Die Silver Academy bringt dazu diesen Artikel:
Die Auflösung der 6,2 Milliarden Unzen Short-Position von JP Morgan.
Ein internes Risikodokument zeigt, dass JPMorgan mit Hunderten von Milliarden an nicht realisierten Verlusten, regulatorischen Ultimaten und einer strukturellen Short-Position in Höhe des 8-fachen von Global AG Mining konfrontiert ist.
The Silver Academy
25. Januar
von Cyrille Jubert
Um 4:47 Uhr morgens am 6. Januar 2026 landete ein vertrauliches Risikomanagement-Memo mit der eindringlichen Betreffzeile „Dringend: Einleitung des Protokolls zur Liquidation der Silberposition” in den Posteingängen von siebzehn Führungskräften von JPMorgan. Hinter der dichten Rechtssprache und den Risikogleichungen verbarg sich eine Anweisung, die die gesamte Ausrichtung der Bank für die nächsten sechs Monate festlegte: Einleitung von Deckungsgeschäften.

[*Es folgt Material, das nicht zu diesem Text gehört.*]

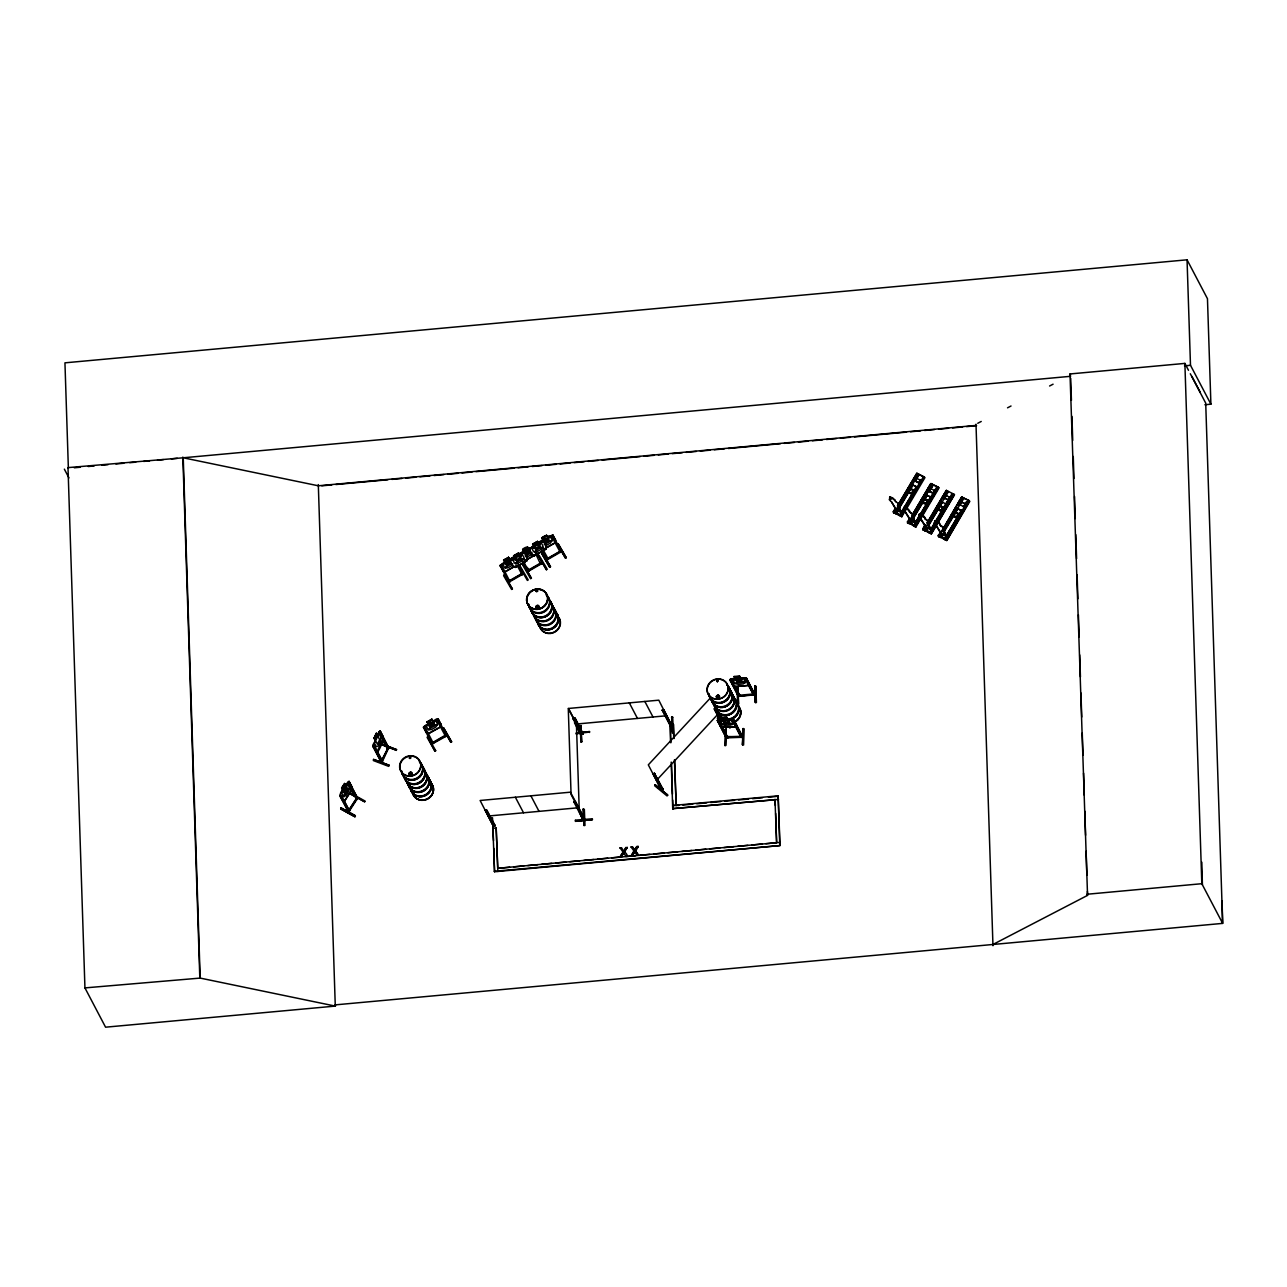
<?xml version="1.0" encoding="UTF-8"?>
<svg xmlns="http://www.w3.org/2000/svg" width="1287" height="1287" viewBox="0 0 1287 1287"><rect width="100%" height="100%" fill="white"/><g stroke="black" fill="none" stroke-linecap="round" stroke-linejoin="round"><path stroke-width="1.5" d="M378.491 734.459L377.734 735.601M508.687 581.74C512.033 581.193 506.547 581.274 508.992 582.303M521.589 574.259C526.528 572.715 518.371 575.804 522.956 572.747M527.043 570.608C532.738 570.286 524.694 567.969 524.308 561.663M535.601 553.587C541.409 565.604 538.754 561.792 542.374 563.256L527.96 571.541M540.62 563.561L542.245 562.532M560.907 551.093L546.525 559.523L547.506 558.156L548.085 559.459L547.506 558.059L548.31 559.137L543.339 550.112M546.589 559.459L547.635 558.703M345.286 790.121L346.927 784.41L346.171 789.558C351.206 786.244 348.89 791.618 345.785 790.894L344.096 796.766L344.932 791.457L341.908 792.181L345.527 789.993M347.538 782.432L349.115 781.434L351.818 786.566L351.528 790.025L344.61 800.707L342.792 800.514L340.058 795.157M342.648 800.417L344.723 800.981L351.785 790.057L351.818 786.566M432.078 743.5C432.416 740.154 433.349 746.267 431.676 742.808M717.438 720.463L718.838 719.53L717.229 720.447L726.351 737.885L727.831 737.757L719.562 721.573L718.017 722.168L719.546 722.136L727.879 737.676M719.932 725.578L722.94 727.364L735.891 726.882L736.405 724.935M721.428 717.519L726.994 717.358L721.428 717.519L722.65 719.674M725.546 745.463L726.109 729.037M726.318 729.359L725.369 729.375L724.774 745.575L725.707 745.543L726.045 729.053M727.992 719.272L726.833 717.438M733.059 721.75L734.604 721.138L733.059 721.75L741.392 737.467L742.872 737.338L733.912 719.803L718.838 719.706M735.891 726.882L736.598 725.112M741.215 737.306L740.765 736.18M741.039 737.306L733.075 721.187M742.47 744.739L743.114 728.555L742.502 744.739L743.58 745.044L744.176 728.844L743.066 728.555M589.398 732.078L575.9 733.815M576.351 732.866L589.526 731.579L576.335 732.914M354.939 816.811L340.685 808.912L354.939 816.762L355.292 815.701L341.007 807.882L355.453 816.022M341.087 808.252L355.292 815.701M581.322 734.153L580.775 735.086L581.627 733.461L568.5 708.461L658.799 700.176L671.476 725.353M583.22 818.757C585.295 819.497 581.595 818.612 583.445 817.165M583.671 817.084C578.555 818.291 585.102 816.634 584.201 819.594L571.074 794.417L568.275 708.445L581.483 734.04L582.705 733.493M410.296 756.949L409.99 758.252M409.861 758.091L410.537 757.013M409.427 773.76L410.537 772.57M409.716 774.388L410.907 774.645L411.373 772.972M411.695 773.841L410.778 772.457M536.116 591.328L536.518 590.492M536.518 607.03L536.582 606.032M717.776 680.823L717.567 680.163M717.889 695.575L716.73 696.364M717.422 681.579L718.21 680.501M716.859 696.396L717.985 697.715M717.808 695.463L719.031 696.862M718.999 696.444L718.243 697.699M357.657 798.294L356.226 799.372L356.933 797.232M356.226 799.372L357.239 797.795M655.196 785.118L667.567 794.948L655.131 784.764L654.681 785.762L667.1 795.977L667.567 794.948M374.614 747.168L382.48 761.035L381.789 762.708L373.021 745.768L378.845 731.949M581.209 734.282L580.501 732.77M575.45 803.925C575.16 798.149 580.952 818.693 583.606 819.642L583.236 816.618L581.531 816.778M584.282 819.24L583.96 817.325M522.892 573.423L508.59 581.611M527.718 571.042L542.277 562.612M529.102 570.865L528.297 569.691L528.844 570.302M559.797 551.914L561.132 551.061M561.357 551.866L560.923 550.45L559.861 551.85M445.254 735.778L446.669 735.07M546.155 540.974L549.549 536.631L547.602 540.62L552.043 540.926L546.83 541.586L545.012 545.061M381.644 760.279C383.687 760.553 379.038 763.931 381.644 760.279L388.272 747.409M388.867 747.747C387.837 752.123 386.309 745.382 388.513 747.425L381.225 762.177M382.191 760.858L380.936 761.791M387.258 748.358L387.886 747.007M538.111 543.243L552.895 534.958L555.598 540.106L554.761 542.969L543.404 549.549M555.517 539.945L554.922 542.969L543.323 549.404M440.057 726.914L440.974 724.195L438.191 718.918L436.068 719.32M440.283 727.058L428.651 733.429L426.142 732.383L428.748 733.574L440.283 727.058L440.894 724.05M526.64 560.746L527.316 557.979M526.737 560.907L527.573 558.043L524.243 552.059L528.812 549.436L530.694 553.008L526.11 555.63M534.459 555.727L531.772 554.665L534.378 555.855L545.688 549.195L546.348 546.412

Durchgesickertes JPMorgan-Memo enthüllt einen 6,2 Milliarden Unzen schweren Silber-Short, der kurz vor dem Zusammenbruch steht
Herr Jubert hat ein „durchgesickertes Memo” gesehen und erklärt in dem Video, worum es in dem Memo geht und warum Silber bald 412 Dollar pro Unze kosten wird.
von Cyrille Jubert
Am 6. Januar 2026 um 4:47 Uhr morgens landete ein vertrauliches Memo zum Risikomanagement mit der eindringlichen Betreffzeile „Dringend: Einleitung des Protokolls zur Liquidation der Silberposition” in den Posteingängen von siebzehn Führungskräften von JPMorgan. Hinter der dichten Rechtssprache und den Risikogleichungen verbarg sich eine Anweisung, die die gesamte Ausrichtung der Bank für die nächsten sechs Monate festlegte: Einleitung von Absicherungsgeschäften.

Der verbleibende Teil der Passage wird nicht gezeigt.